The x-intercept of a linear equation is the point where the graph of the equation crosses the x-axis. At this point, the value of y is always zero. In simple terms, it represents the value of x when y equals zero. For example, in our exercise, the x-intercept is given as (-5,0). This means that when y = 0, the corresponding value of x is -5. Understanding this concept is crucial, as it provides one of the points needed to describe the line on a graph. Knowing the x-intercept helps in sketching the graph and establishing the characteristics of the linear equation.

The y-intercept of a linear equation is where the graph intersects the y-axis. At this point, the value of x is zero. Essentially, it tells us the y-value when x equals zero. For the linear equation in our problem, the y-intercept is (0,4). This indicates that w hen x is 0, the y-value is 4, meaning the line touches the y-axis at point 4. Recognizing the y-intercept is important as it often serves as the starting point when graphing a line, and is directly used when writing the equation of the line in slope-intercept form.

The slope-intercept form of a linear equation is written as \( y = mx + b \), where \( m \) represents the slope of the line, and \( b \) is the y-intercept. This form is very straightforward and efficient for graphing. In this format, you can easily see both where the line will cross the y-axis (the y-intercept) and how steep the line will be (the slope). Our example equation from the exercise becomes \( y = \frac{4}{5}x + 4 \), where 4 is the y-intercept and \( \frac{4}{5} \) is the slope. This form helps quickly identify the line's characteristics without plotting points one by one.

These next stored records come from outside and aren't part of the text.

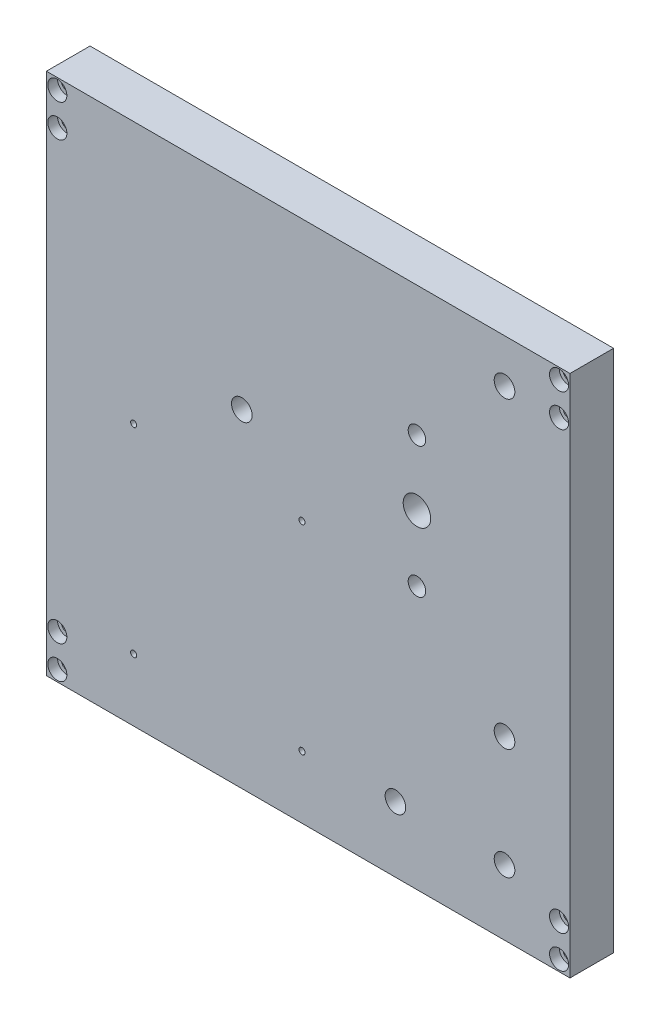
SolidWorks part; units mm, degrees
ref_plane "Front Plane" through (0, 0, 0) normal (0, 0, 1) x (1, 0, 0)
ref_plane "Top Plane" through (0, 0, 0) normal (0, 1, 0) x (1, 0, 0)
ref_plane "Right Plane" through (0, 0, 0) normal (1, 0, 0) x (0, 0, -1)
sketch "Sketch1" plane through (0, 0, 0) normal (0, 0, 1) x (1, 0, 0)
  line L1 (-76.2, -76.2) -> (76.2, -76.2)
  line L2 (-76.2, -76.2) -> (-76.2, 76.2)
  line L3 (-76.2, 76.2) -> (76.2, 76.2)
  line L4 (76.2, -76.2) -> (76.2, 76.2)
  line L5 (-76.2, -76.2) -> (76.2, 76.2) construction
  line L6 (-76.2, 76.2) -> (76.2, -76.2) construction
  point P0 (0, 0)
  dimension "D1" = 152.4
  dimension "D2" = 152.4
extrude "Boss-Extrude1" add sketch "Sketch1" along normal blind 12.7 contours L3 L4 L1 L2
ref_plane "Plane1" through (0, 0, 0) normal (-1, 0, 0) x (0, 0, 1)
ref_plane "Plane2" through (0, 0, 0) normal (0, 1, 0) x (1, 0, 0)
hole_wizard "#2-56 Tapped Hole1" positions "Sketch8" profile "Sketch9" tap size "#2-56" standard "ANSI Inch" end condition through all
sketch "Sketch8" plane through (0, 0, 12.7) normal (0, 0, 1) x (1, 0, 0)
  line L2 (-76.2, -76.2) -> (-76.2, 76.2) construction
  line L3 (-76.2, 76.2) -> (76.2, 76.2) construction
  point P0 (-50.8, 0)
  point P20 (-50.8, -58)
  point P23 (-1.8, -58)
  point P26 (-1.8, 0)
  dimension "D1" = 25.4
  dimension "D2" = 76.2
  dimension "D3" = 58
  dimension "D4" = 49
  dimension "D5" = 58
  dimension "D6" = 49
sketch "Sketch9" plane through (-50.8, 0, 12.7) normal (1, 0, 0) x (0, -1, 0)
  line L0 (0, 0) -> (0, 12.7)
  line L1 (0, 12.7) -> (0.889, 12.7)
  line L2 (0.889, 12.7) -> (0.889, 0)
  line L5 (0.889, 0) -> (0, 0)
  line L11 (0, -6.35) -> (0, 107.95) construction
  dimension "Thread Major Dia." = 1.778
  dimension "Thru Tap Drill Depth" = 12.7
hole_wizard "CBORE for #4 Socket Head Cap Screw1" positions "Sketch10" profile "Sketch12" counterbore size "#4" standard "ANSI Inch" end condition through all
sketch "Sketch10" plane through (0, 0, 12.7) normal (0, 0, 1) x (1, 0, 0)
  line L0 (-76.2, -76.2) -> (-76.2, 76.2) construction
  line L1 (-76.2, 76.2) -> (76.2, 76.2) construction
  line L2 (0, 3.4925) -> (0, -3.4925) construction
  line L3 (3.4925, 0) -> (-3.4925, 0) construction
  point P0 (-73.025, 63.5)
  point P2 (-73.025, 73.025)
  point P11 (73.025, 63.5)
  point P12 (73.025, 73.025)
  point P16 (73.025, -63.5)
  point P17 (73.025, -73.025)
  point P18 (-73.025, -63.5)
  point P19 (-73.025, -73.025)
  dimension "D1" = 3.175
  dimension "D2" = 3.175
  dimension "D3" = 3.175
  dimension "D4" = 12.7
sketch "Sketch12" plane through (-73.025, 63.5, 12.7) normal (1, 0, 0) x (0, -1, 0)
  line L0 (0, 0) -> (0, 12.7)
  line L1 (0, 12.7) -> (1.6319, 12.7)
  line L3 (1.6319, 12.7) -> (1.6319, 2.8448)
  line L4 (1.6319, 2.8448) -> (2.7788, 2.8448)
  line L5 (2.7788, 2.8448) -> (2.7788, 0)
  line L7 (2.7788, 0) -> (0, 0)
  line L11 (0, -6.35) -> (0, 107.95) construction
  dimension "Thru Hole Dia." = 3.2639
  dimension "Thru Hole Depth" = 12.7
  dimension "C'Bore Dia." = 5.5575
  dimension "C'Bore Depth" = 2.8448
hole_wizard "Ø6.0mm Dowel Hole1" positions "Sketch13" profile "Sketch14" hole size "Ø6.0" standard "ANSI Metric" end condition through all
sketch "Sketch13" plane through (0, 0, 12.7) normal (0, 0, 1) x (1, 0, 0)
  line L0 (-76.2, 76.2) -> (76.2, 76.2) construction
  line L1 (76.2, -76.2) -> (76.2, 76.2) construction
  line L2 (-76.2, -76.2) -> (76.2, -76.2) construction
  point P0 (57.15, 63.5)
  point P2 (57.15, -24.801)
  point P4 (-19.3209, 19.3495)
  point P15 (57.15, -57.15)
  point P17 (25.4, -57.15)
  dimension "D1" = 88.301
  dimension "D2" = 12.7
  dimension "D3" = 88.301
  dimension "D4" = 88.301
  dimension "D5" = 19.05
  dimension "D6" = 19.05
  dimension "D7" = 19.05
  dimension "D8" = 19.05
  dimension "D9" = 19.05
  dimension "D10" = 31.75
sketch "Sketch14" plane through (57.15, 63.5, 12.7) normal (1, 0, 0) x (0, -1, 0)
  line L0 (0, 0) -> (0, 12.7)
  line L1 (0, 12.7) -> (3, 12.7)
  line L2 (3, 12.7) -> (3, 0)
  line L5 (3, 0) -> (0, 0)
  line L11 (0, -6.35) -> (0, 107.95) construction
  dimension "Thru Hole Dia." = 6
  dimension "Thru Hole Depth" = 12.7
sketch "Sketch17" plane through (0, 0, 12.7) normal (0, 0, 1) x (1, 0, 0)
  circle A3 centre (31.6597, 19.3495) radius 47.9806
hole_wizard "Ø8.0mm Dowel Hole1" positions "Sketch15" profile "Sketch16" hole size "Ø8.0" standard "ANSI Metric" end condition through all
sketch "Sketch15" plane through (0, 0, 12.7) normal (0, 0, 1) x (1, 0, 0)
  circle A0 centre (31.6597, 19.3495) radius 47.9806 construction
  point P0 (31.6597, 19.3495)
  dimension "D1" = 0
sketch "Sketch16" plane through (31.6597, 19.3495, 12.7) normal (1, 0, 0) x (0, -1, 0)
  line L0 (0, 0) -> (0, 12.7)
  line L1 (0, 12.7) -> (4, 12.7)
  line L2 (4, 12.7) -> (4, 0)
  line L5 (4, 0) -> (0, 0)
  line L11 (0, -6.35) -> (0, 107.95) construction
  dimension "Thru Hole Dia." = 8
  dimension "Thru Hole Depth" = 12.7
hole_wizard "1/4-20 Tapped Hole1" positions "Sketch18" profile "Sketch19" tap size "1/4-20" standard "ANSI Inch" end condition through all
sketch "Sketch18" plane through (0, 0, 12.7) normal (0, 0, 1) x (1, 0, 0)
  point P0 (31.6597, 0.2995)
  point P2 (31.6597, 38.3995)
  dimension "D1" = 38.1
  dimension "D2" = 19.05
  dimension "D3" = 0
  dimension "D4" = 19.05
sketch "Sketch19" plane through (31.6597, 0.2995, 12.7) normal (1, 0, 0) x (0, -1, 0)
  line L0 (0, 0) -> (0, 12.7)
  line L1 (0, 12.7) -> (2.5527, 12.7)
  line L2 (2.5527, 12.7) -> (2.5527, 0)
  line L5 (2.5527, 0) -> (0, 0)
  line L11 (0, -6.35) -> (0, 107.95) construction
  dimension "Thru Tap Drill Dia." = 5.1054
  dimension "Thru Tap Drill Depth" = 12.7
cosmetic thread "Hole Thread1"
cosmetic thread "Hole Thread2"

The slope of a line indicates how steep the line is and the direction in which it moves. You can calculate the slope using the formula \( m = \frac{y_2 - y_1}{x_2 - x_1} \). It is essentially the 'rise over run' between two points on a line. In this exercise, the two points (-5,0) and (0,4) are the x-intercept and y-intercept, respectively. Plugging these points into the formula gives \( m = \frac{4 - 0}{0 - (-5)} = \frac{4}{5} \). Thus, the slope of the line is \( \frac{4}{5} \), signifying it rises 4 units for every 5 units it runs. Understanding slope calculations is vital for determining how to draw the line accurately and construct its equation.